Collection entries
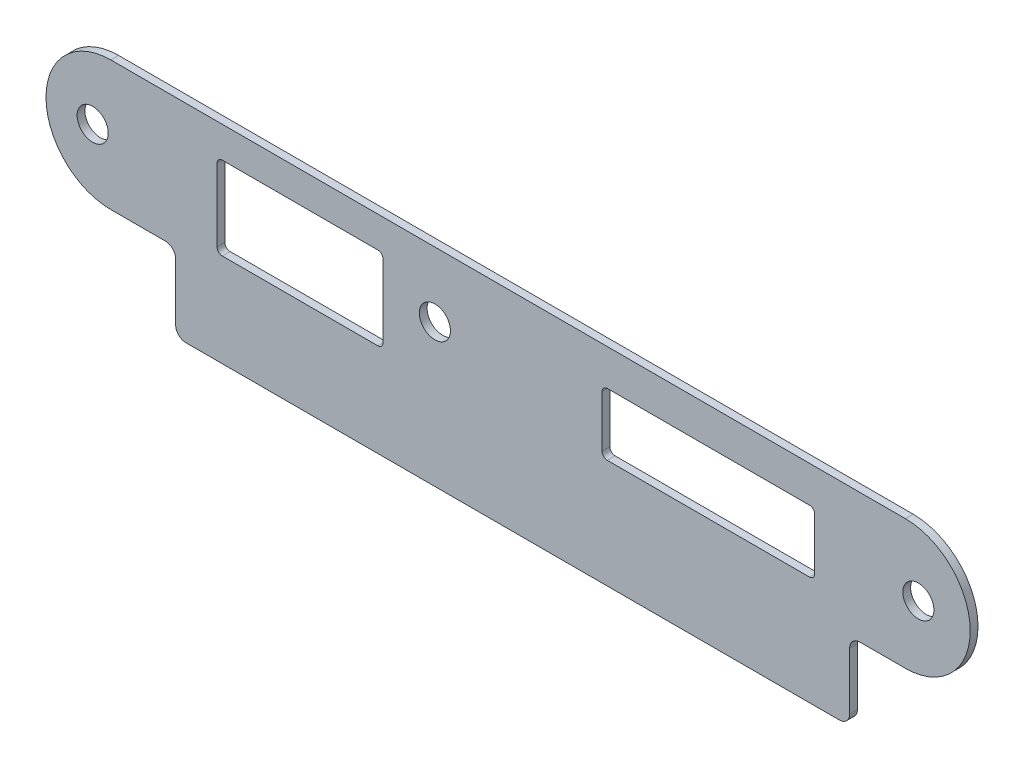
ISO-10303-21;
HEADER;
FILE_DESCRIPTION(('STEP AP214'),'2;1');
FILE_NAME('part.step','',(''),(''),'','','');
FILE_SCHEMA(('AUTOMOTIVE_DESIGN { 1 0 10303 214 1 1 1 1 }'));
ENDSEC;
DATA;
#1=APPLICATION_CONTEXT('core data for automotive mechanical design processes');
#2=APPLICATION_PROTOCOL_DEFINITION('international standard','automotive_design',2000,#1);
#3=PRODUCT_CONTEXT('',#1,'mechanical');
#4=PRODUCT('Part','Part','',(#3));
#5=PRODUCT_RELATED_PRODUCT_CATEGORY('part','',(#4));
#6=PRODUCT_DEFINITION_FORMATION('','',#4);
#7=PRODUCT_DEFINITION_CONTEXT('part definition',#1,'design');
#8=PRODUCT_DEFINITION('design','',#6,#7);
#9=PRODUCT_DEFINITION_SHAPE('','',#8);
#10=(LENGTH_UNIT() NAMED_UNIT(*) SI_UNIT(.MILLI.,.METRE.));
#11=(NAMED_UNIT(*) PLANE_ANGLE_UNIT() SI_UNIT($,.RADIAN.));
#12=(NAMED_UNIT(*) SI_UNIT($,.STERADIAN.) SOLID_ANGLE_UNIT());
#13=UNCERTAINTY_MEASURE_WITH_UNIT(LENGTH_MEASURE(1.E-05),#10,'distance_accuracy_value','');
#14=(GEOMETRIC_REPRESENTATION_CONTEXT(3) GLOBAL_UNCERTAINTY_ASSIGNED_CONTEXT((#13)) GLOBAL_UNIT_ASSIGNED_CONTEXT((#10,
#11,#12)) REPRESENTATION_CONTEXT('',''));
#15=CARTESIAN_POINT('',(0.,0.,0.));
#16=DIRECTION('',(0.,0.,1.));
#17=DIRECTION('',(1.,0.,0.));
#18=AXIS2_PLACEMENT_3D('',#15,#16,#17);
#19=CARTESIAN_POINT('',(-83.,6.50000000000004,1.5));
#20=DIRECTION('',(0.,0.,1.));
#21=DIRECTION('',(1.,0.,0.));
#22=AXIS2_PLACEMENT_3D('',#19,#20,#21);
#23=PLANE('',#22);
#24=DIRECTION('',(-1.,0.,0.));
#25=VECTOR('',#24,1.);
#26=CARTESIAN_POINT('',(51.75,12.0000000000001,1.5));
#27=LINE('',#26,#25);
#28=CARTESIAN_POINT('',(51.75,12.0000000000001,1.5));
#29=VERTEX_POINT('',#28);
#30=CARTESIAN_POINT('',(12.75,12.,1.5));
#31=VERTEX_POINT('',#30);
#32=EDGE_CURVE('E229',#29,#31,#27,.T.);
#33=ORIENTED_EDGE('',*,*,#32,.F.);
#34=CARTESIAN_POINT('',(51.75,11.,1.5));
#35=DIRECTION('',(0.,0.,1.));
#36=DIRECTION('',(1.,0.,0.));
#37=AXIS2_PLACEMENT_3D('',#34,#35,#36);
#38=CIRCLE('',#37,1.00000000000002);
#39=CARTESIAN_POINT('',(52.75,11.,1.5));
#40=VERTEX_POINT('',#39);
#41=EDGE_CURVE('E221',#40,#29,#38,.T.);
#42=ORIENTED_EDGE('',*,*,#41,.F.);
#43=DIRECTION('',(0.,1.,0.));
#44=VECTOR('',#43,1.);
#45=CARTESIAN_POINT('',(52.75,1.00000000000005,1.5));
#46=LINE('',#45,#44);
#47=CARTESIAN_POINT('',(52.75,1.00000000000005,1.5));
#48=VERTEX_POINT('',#47);
#49=EDGE_CURVE('E256',#48,#40,#46,.T.);
#50=ORIENTED_EDGE('',*,*,#49,.F.);
#51=CARTESIAN_POINT('',(51.75,1.00000000000004,1.5));
#52=DIRECTION('',(0.,0.,1.));
#53=DIRECTION('',(1.,0.,0.));
#54=AXIS2_PLACEMENT_3D('',#51,#52,#53);
#55=CIRCLE('',#54,0.999999999999997);
#56=CARTESIAN_POINT('',(51.75,0.,1.5));
#57=VERTEX_POINT('',#56);
#58=EDGE_CURVE('E254',#57,#48,#55,.T.);
#59=ORIENTED_EDGE('',*,*,#58,.F.);
#60=DIRECTION('',(1.,0.,0.));
#61=VECTOR('',#60,1.);
#62=CARTESIAN_POINT('',(12.75,0.,1.5));
#63=LINE('',#62,#61);
#64=CARTESIAN_POINT('',(12.75,0.,1.5));
#65=VERTEX_POINT('',#64);
#66=EDGE_CURVE('E252',#65,#57,#63,.T.);
#67=ORIENTED_EDGE('',*,*,#66,.F.);
#68=CARTESIAN_POINT('',(12.75,1.00000000000004,1.5));
#69=DIRECTION('',(0.,0.,1.));
#70=DIRECTION('',(1.,0.,0.));
#71=AXIS2_PLACEMENT_3D('',#68,#69,#70);
#72=CIRCLE('',#71,0.999999999999999);
#73=CARTESIAN_POINT('',(11.75,1.00000000000004,1.5));
#74=VERTEX_POINT('',#73);
#75=EDGE_CURVE('E250',#74,#65,#72,.T.);
#76=ORIENTED_EDGE('',*,*,#75,.F.);
#77=DIRECTION('',(0.,-1.,0.));
#78=VECTOR('',#77,1.);
#79=CARTESIAN_POINT('',(11.75,11.,1.5));
#80=LINE('',#79,#78);
#81=CARTESIAN_POINT('',(11.75,11.,1.5));
#82=VERTEX_POINT('',#81);
#83=EDGE_CURVE('E245',#82,#74,#80,.T.);
#84=ORIENTED_EDGE('',*,*,#83,.F.);
#85=CARTESIAN_POINT('',(12.75,11.,1.5));
#86=DIRECTION('',(0.,0.,1.));
#87=DIRECTION('',(1.,0.,0.));
#88=AXIS2_PLACEMENT_3D('',#85,#86,#87);
#89=CIRCLE('',#88,1.);
#90=EDGE_CURVE('E243',#31,#82,#89,.T.);
#91=ORIENTED_EDGE('',*,*,#90,.F.);
#92=EDGE_LOOP('',(#33,#42,#50,#59,#67,#76,#84,#91));
#93=FACE_BOUND('',#92,.T.);
#94=DIRECTION('',(0.,-1.,0.));
#95=VECTOR('',#94,1.);
#96=CARTESIAN_POINT('',(-62.5,12.,1.5));
#97=LINE('',#96,#95);
#98=CARTESIAN_POINT('',(-62.5,12.,1.5));
#99=VERTEX_POINT('',#98);
#100=CARTESIAN_POINT('',(-62.5,-2.00000000000002,1.5));
#101=VERTEX_POINT('',#100);
#102=EDGE_CURVE('E297',#99,#101,#97,.T.);
#103=ORIENTED_EDGE('',*,*,#102,.F.);
#104=CARTESIAN_POINT('',(-61.5,12.,1.5));
#105=DIRECTION('',(0.,0.,1.));
#106=DIRECTION('',(1.,0.,0.));
#107=AXIS2_PLACEMENT_3D('',#104,#105,#106);
#108=CIRCLE('',#107,1.);
#109=CARTESIAN_POINT('',(-61.5,13.,1.5));
#110=VERTEX_POINT('',#109);
#111=EDGE_CURVE('E295',#110,#99,#108,.T.);
#112=ORIENTED_EDGE('',*,*,#111,.F.);
#113=DIRECTION('',(-1.,0.,0.));
#114=VECTOR('',#113,1.);
#115=CARTESIAN_POINT('',(-31.5,13.,1.5));
#116=LINE('',#115,#114);
#117=CARTESIAN_POINT('',(-31.5,13.,1.5));
#118=VERTEX_POINT('',#117);
#119=EDGE_CURVE('E311',#118,#110,#116,.T.);
#120=ORIENTED_EDGE('',*,*,#119,.F.);
#121=CARTESIAN_POINT('',(-31.5,12.,1.5));
#122=DIRECTION('',(0.,0.,1.));
#123=DIRECTION('',(1.,0.,0.));
#124=AXIS2_PLACEMENT_3D('',#121,#122,#123);
#125=CIRCLE('',#124,0.999999999999991);
#126=CARTESIAN_POINT('',(-30.5,12.,1.5));
#127=VERTEX_POINT('',#126);
#128=EDGE_CURVE('E308',#127,#118,#125,.T.);
#129=ORIENTED_EDGE('',*,*,#128,.F.);
#130=DIRECTION('',(0.,1.,0.));
#131=VECTOR('',#130,1.);
#132=CARTESIAN_POINT('',(-30.5,-2.00000000000002,1.5));
#133=LINE('',#132,#131);
#134=CARTESIAN_POINT('',(-30.5,-2.00000000000002,1.5));
#135=VERTEX_POINT('',#134);
#136=EDGE_CURVE('E306',#135,#127,#133,.T.);
#137=ORIENTED_EDGE('',*,*,#136,.F.);
#138=CARTESIAN_POINT('',(-31.5,-2.00000000000002,1.5));
#139=DIRECTION('',(0.,0.,1.));
#140=DIRECTION('',(1.,0.,0.));
#141=AXIS2_PLACEMENT_3D('',#138,#139,#140);
#142=CIRCLE('',#141,1.);
#143=CARTESIAN_POINT('',(-31.5,-3.00000000000002,1.5));
#144=VERTEX_POINT('',#143);
#145=EDGE_CURVE('E304',#144,#135,#142,.T.);
#146=ORIENTED_EDGE('',*,*,#145,.F.);
#147=DIRECTION('',(1.,0.,0.));
#148=VECTOR('',#147,1.);
#149=CARTESIAN_POINT('',(-61.5,-3.00000000000003,1.5));
#150=LINE('',#149,#148);
#151=CARTESIAN_POINT('',(-61.5,-3.00000000000003,1.5));
#152=VERTEX_POINT('',#151);
#153=EDGE_CURVE('E302',#152,#144,#150,.T.);
#154=ORIENTED_EDGE('',*,*,#153,.F.);
#155=CARTESIAN_POINT('',(-61.5,-2.00000000000003,1.5));
#156=DIRECTION('',(0.,0.,1.));
#157=DIRECTION('',(1.,0.,0.));
#158=AXIS2_PLACEMENT_3D('',#155,#156,#157);
#159=CIRCLE('',#158,1.);
#160=EDGE_CURVE('E300',#101,#152,#159,.T.);
#161=ORIENTED_EDGE('',*,*,#160,.F.);
#162=EDGE_LOOP('',(#103,#112,#120,#129,#137,#146,#154,#161));
#163=FACE_BOUND('',#162,.T.);
#164=CARTESIAN_POINT('',(-83.,6.50000000000004,1.5));
#165=DIRECTION('',(0.,0.,1.));
#166=DIRECTION('',(1.,0.,0.));
#167=AXIS2_PLACEMENT_3D('',#164,#165,#166);
#168=CIRCLE('',#167,12.5);
#169=CARTESIAN_POINT('',(-83.,19.,1.5));
#170=VERTEX_POINT('',#169);
#171=CARTESIAN_POINT('',(-83.,-5.99999999999994,1.5));
#172=VERTEX_POINT('',#171);
#173=EDGE_CURVE('E361',#170,#172,#168,.T.);
#174=ORIENTED_EDGE('',*,*,#173,.T.);
#175=DIRECTION('',(1.,0.,0.));
#176=VECTOR('',#175,1.);
#177=CARTESIAN_POINT('',(-83.,-5.99999999999994,1.5));
#178=LINE('',#177,#176);
#179=CARTESIAN_POINT('',(-72.5,-6.00000000000005,1.5));
#180=VERTEX_POINT('',#179);
#181=EDGE_CURVE('E364',#172,#180,#178,.T.);
#182=ORIENTED_EDGE('',*,*,#181,.T.);
#183=CARTESIAN_POINT('',(-72.5,-8.00000000000005,1.5));
#184=DIRECTION('',(0.,0.,-1.));
#185=DIRECTION('',(1.,0.,0.));
#186=AXIS2_PLACEMENT_3D('',#183,#184,#185);
#187=CIRCLE('',#186,2.);
#188=CARTESIAN_POINT('',(-70.5,-8.00000000000005,1.5));
#189=VERTEX_POINT('',#188);
#190=EDGE_CURVE('E367',#180,#189,#187,.T.);
#191=ORIENTED_EDGE('',*,*,#190,.T.);
#192=DIRECTION('',(0.,-1.,0.));
#193=VECTOR('',#192,1.);
#194=CARTESIAN_POINT('',(-70.5,-8.00000000000005,1.5));
#195=LINE('',#194,#193);
#196=CARTESIAN_POINT('',(-70.5,-19.,1.5));
#197=VERTEX_POINT('',#196);
#198=EDGE_CURVE('E369',#189,#197,#195,.T.);
#199=ORIENTED_EDGE('',*,*,#198,.T.);
#200=CARTESIAN_POINT('',(-68.5,-19.,1.5));
#201=DIRECTION('',(0.,0.,1.));
#202=DIRECTION('',(1.,0.,0.));
#203=AXIS2_PLACEMENT_3D('',#200,#201,#202);
#204=CIRCLE('',#203,2.00000000000001);
#205=CARTESIAN_POINT('',(-68.5,-21.,1.5));
#206=VERTEX_POINT('',#205);
#207=EDGE_CURVE('E371',#197,#206,#204,.T.);
#208=ORIENTED_EDGE('',*,*,#207,.T.);
#209=DIRECTION('',(1.,0.,0.));
#210=VECTOR('',#209,1.);
#211=CARTESIAN_POINT('',(-68.5,-21.,1.5));
#212=LINE('',#211,#210);
#213=CARTESIAN_POINT('',(57.5,-20.9999999999999,1.5));
#214=VERTEX_POINT('',#213);
#215=EDGE_CURVE('E373',#206,#214,#212,.T.);
#216=ORIENTED_EDGE('',*,*,#215,.T.);
#217=CARTESIAN_POINT('',(57.5,-18.9999999999999,1.5));
#218=DIRECTION('',(0.,0.,1.));
#219=DIRECTION('',(1.,0.,0.));
#220=AXIS2_PLACEMENT_3D('',#217,#218,#219);
#221=CIRCLE('',#220,1.99999999999999);
#222=CARTESIAN_POINT('',(59.5,-18.9999999999999,1.5));
#223=VERTEX_POINT('',#222);
#224=EDGE_CURVE('E375',#214,#223,#221,.T.);
#225=ORIENTED_EDGE('',*,*,#224,.T.);
#226=DIRECTION('',(0.,1.,0.));
#227=VECTOR('',#226,1.);
#228=CARTESIAN_POINT('',(59.5,-18.9999999999999,1.5));
#229=LINE('',#228,#227);
#230=CARTESIAN_POINT('',(59.5,-7.99999999999995,1.5));
#231=VERTEX_POINT('',#230);
#232=EDGE_CURVE('E377',#223,#231,#229,.T.);
#233=ORIENTED_EDGE('',*,*,#232,.T.);
#234=CARTESIAN_POINT('',(61.5,-7.99999999999995,1.5));
#235=DIRECTION('',(0.,0.,-1.));
#236=DIRECTION('',(1.,0.,0.));
#237=AXIS2_PLACEMENT_3D('',#234,#235,#236);
#238=CIRCLE('',#237,2.);
#239=CARTESIAN_POINT('',(61.5,-5.99999999999995,1.5));
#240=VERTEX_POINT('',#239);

* _Aim of the task_: Could you reproduce exactly the lines of the entries above, from the one with "#201=DIRECTION('',(0.,0.,1.));" through the one with "#235=DIRECTION('',(0.,0.,-1.));", and nothing else?

* _Response to the exercise_:
#201=DIRECTION('',(0.,0.,1.));
#202=DIRECTION('',(1.,0.,0.));
#203=AXIS2_PLACEMENT_3D('',#200,#201,#202);
#204=CIRCLE('',#203,2.00000000000001);
#205=CARTESIAN_POINT('',(-68.5,-21.,1.5));
#206=VERTEX_POINT('',#205);
#207=EDGE_CURVE('E371',#197,#206,#204,.T.);
#208=ORIENTED_EDGE('',*,*,#207,.T.);
#209=DIRECTION('',(1.,0.,0.));
#210=VECTOR('',#209,1.);
#211=CARTESIAN_POINT('',(-68.5,-21.,1.5));
#212=LINE('',#211,#210);
#213=CARTESIAN_POINT('',(57.5,-20.9999999999999,1.5));
#214=VERTEX_POINT('',#213);
#215=EDGE_CURVE('E373',#206,#214,#212,.T.);
#216=ORIENTED_EDGE('',*,*,#215,.T.);
#217=CARTESIAN_POINT('',(57.5,-18.9999999999999,1.5));
#218=DIRECTION('',(0.,0.,1.));
#219=DIRECTION('',(1.,0.,0.));
#220=AXIS2_PLACEMENT_3D('',#217,#218,#219);
#221=CIRCLE('',#220,1.99999999999999);
#222=CARTESIAN_POINT('',(59.5,-18.9999999999999,1.5));
#223=VERTEX_POINT('',#222);
#224=EDGE_CURVE('E375',#214,#223,#221,.T.);
#225=ORIENTED_EDGE('',*,*,#224,.T.);
#226=DIRECTION('',(0.,1.,0.));
#227=VECTOR('',#226,1.);
#228=CARTESIAN_POINT('',(59.5,-18.9999999999999,1.5));
#229=LINE('',#228,#227);
#230=CARTESIAN_POINT('',(59.5,-7.99999999999995,1.5));
#231=VERTEX_POINT('',#230);
#232=EDGE_CURVE('E377',#223,#231,#229,.T.);
#233=ORIENTED_EDGE('',*,*,#232,.T.);
#234=CARTESIAN_POINT('',(61.5,-7.99999999999995,1.5));
#235=DIRECTION('',(0.,0.,-1.));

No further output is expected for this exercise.